§ **Material shown**
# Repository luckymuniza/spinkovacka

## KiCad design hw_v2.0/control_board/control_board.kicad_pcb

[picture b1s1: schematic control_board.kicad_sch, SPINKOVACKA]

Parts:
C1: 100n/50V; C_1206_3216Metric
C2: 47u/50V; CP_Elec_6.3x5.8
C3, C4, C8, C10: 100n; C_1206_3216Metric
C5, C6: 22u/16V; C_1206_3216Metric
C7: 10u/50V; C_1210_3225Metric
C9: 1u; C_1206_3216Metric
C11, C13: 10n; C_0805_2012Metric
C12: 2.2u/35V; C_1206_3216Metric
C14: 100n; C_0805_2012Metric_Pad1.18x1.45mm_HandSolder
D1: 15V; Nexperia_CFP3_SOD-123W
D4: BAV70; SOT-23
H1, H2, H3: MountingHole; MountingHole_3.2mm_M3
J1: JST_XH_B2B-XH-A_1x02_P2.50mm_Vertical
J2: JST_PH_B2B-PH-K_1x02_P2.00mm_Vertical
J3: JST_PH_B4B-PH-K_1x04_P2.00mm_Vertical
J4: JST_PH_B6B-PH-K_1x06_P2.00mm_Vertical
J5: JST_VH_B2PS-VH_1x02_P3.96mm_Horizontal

§ **Directions**
Output the listing above word for word, from the opening line through the line that contains "[picture b1s1: schematic", and leave out everything after it.

§ **Your response**
# Repository luckymuniza/spinkovacka

## KiCad design hw_v2.0/control_board/control_board.kicad_pcb

[picture b1s1: schematic control_board.kicad_sch, SPINKOVACKA]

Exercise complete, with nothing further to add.